**Directions for this task:** For this exercise, please find the lines in the entries that include the word "sketch" and copy them.

**Dataset content:**
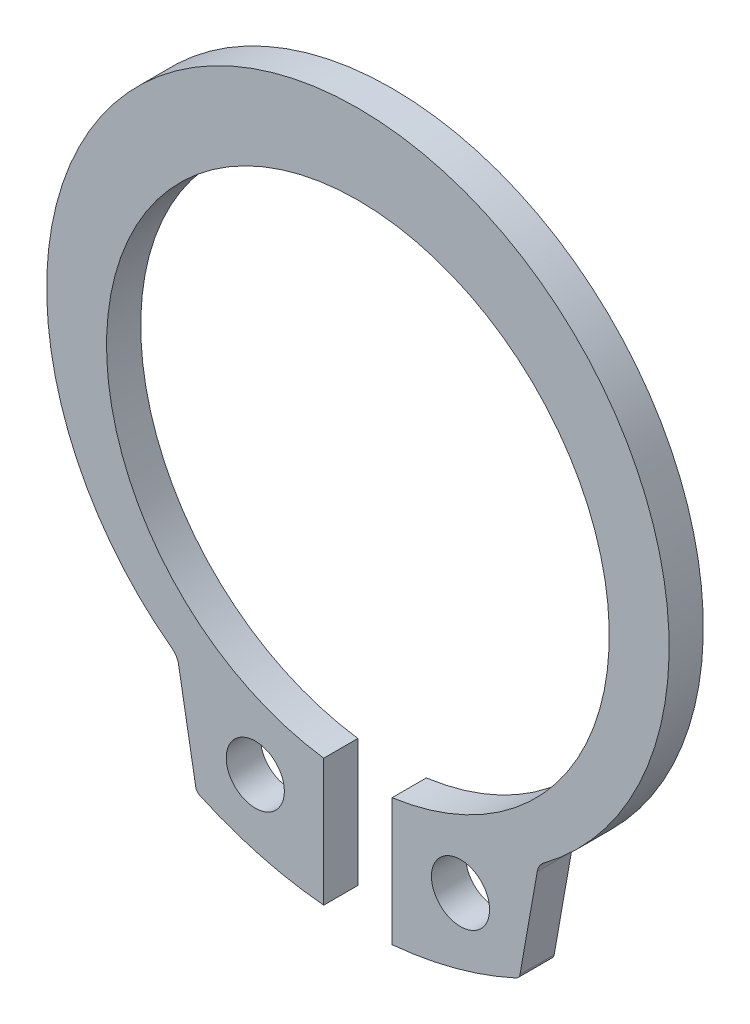
SolidWorks part; units mm, degrees
ref_plane "Front" through (0, 0, 0) normal (0, 0, 1) x (1, 0, 0)
ref_plane "Top" through (0, 0, 0) normal (0, 1, 0) x (1, 0, 0)
ref_plane "Right" through (0, 0, 0) normal (1, 0, 0) x (0, 0, -1)
sketch "Sketch1" plane through (0, 0, 0) normal (0, 0, 1) x (1, 0, 0)
  line L0 (0, 4.2365) -> (0, -4.9012) construction
  line L1 (-1, -7.8617) -> (-1, -11.5847)
  line L2 (1, -7.8617) -> (1, -11.5847)
  line L3 (9.2, -0.58) -> (-9.2, -0.58) construction
  line L4 (5.2784, -7.4127) -> (4.7216, -10.5704)
  line L7 (-5.2784, -7.4127) -> (-4.7216, -10.5704)
  line L8 (-5.2784, -7.4127) -> (-5.2784, -15.4835) construction
  arc A0 (1, -7.8617) -> (-1, -7.8617) centre (0, -0.58) ccw
  arc A1 (5.2784, -7.4127) -> (-5.2784, -7.4127) centre (0, 0) ccw
  arc A2 (-9.2, -0.58) -> (9.2, -0.58) centre (0, -0.58) ccw construction
  arc A3 (4.7216, -10.5704) -> (1, -11.5847) centre (0, -0.58) cw
  arc A4 (-4.7216, -10.5704) -> (-1, -11.5847) centre (0, -0.58) ccw
  circle A5 centre (3, -9.2771) radius 0.85
  circle A6 centre (-3, -9.2771) radius 0.85
  point P17 (-5, -8.9916)
  dimension "d" = 14.7
  dimension "D2" = 10
  dimension "d0" = 18.2
  dimension "d1" = 1.7
  dimension "R1" = 9.2
  dimension "R" = 11.05
  dimension "B1" = 2
  dimension "C" = 0.58
  dimension "L" = 10
  dimension "B2" = 6
extrude "Body" add sketch "Sketch1" against normal blind 1
fillet "Fillet1" radius 0.2 2 edges at (-4.7216, -10.5704, -0.5) (4.7216, -10.5704, -0.5)
fillet "Fillet2" radius 0.5 2 edges at (5.2784, -7.4127, -0.5) (-5.2784, -7.4127, -0.5)

**Response for this exercise:**
sketch "Sketch1" plane through (0, 0, 0) normal (0, 0, 1) x (1, 0, 0)
extrude "Body" add sketch "Sketch1" against normal blind 1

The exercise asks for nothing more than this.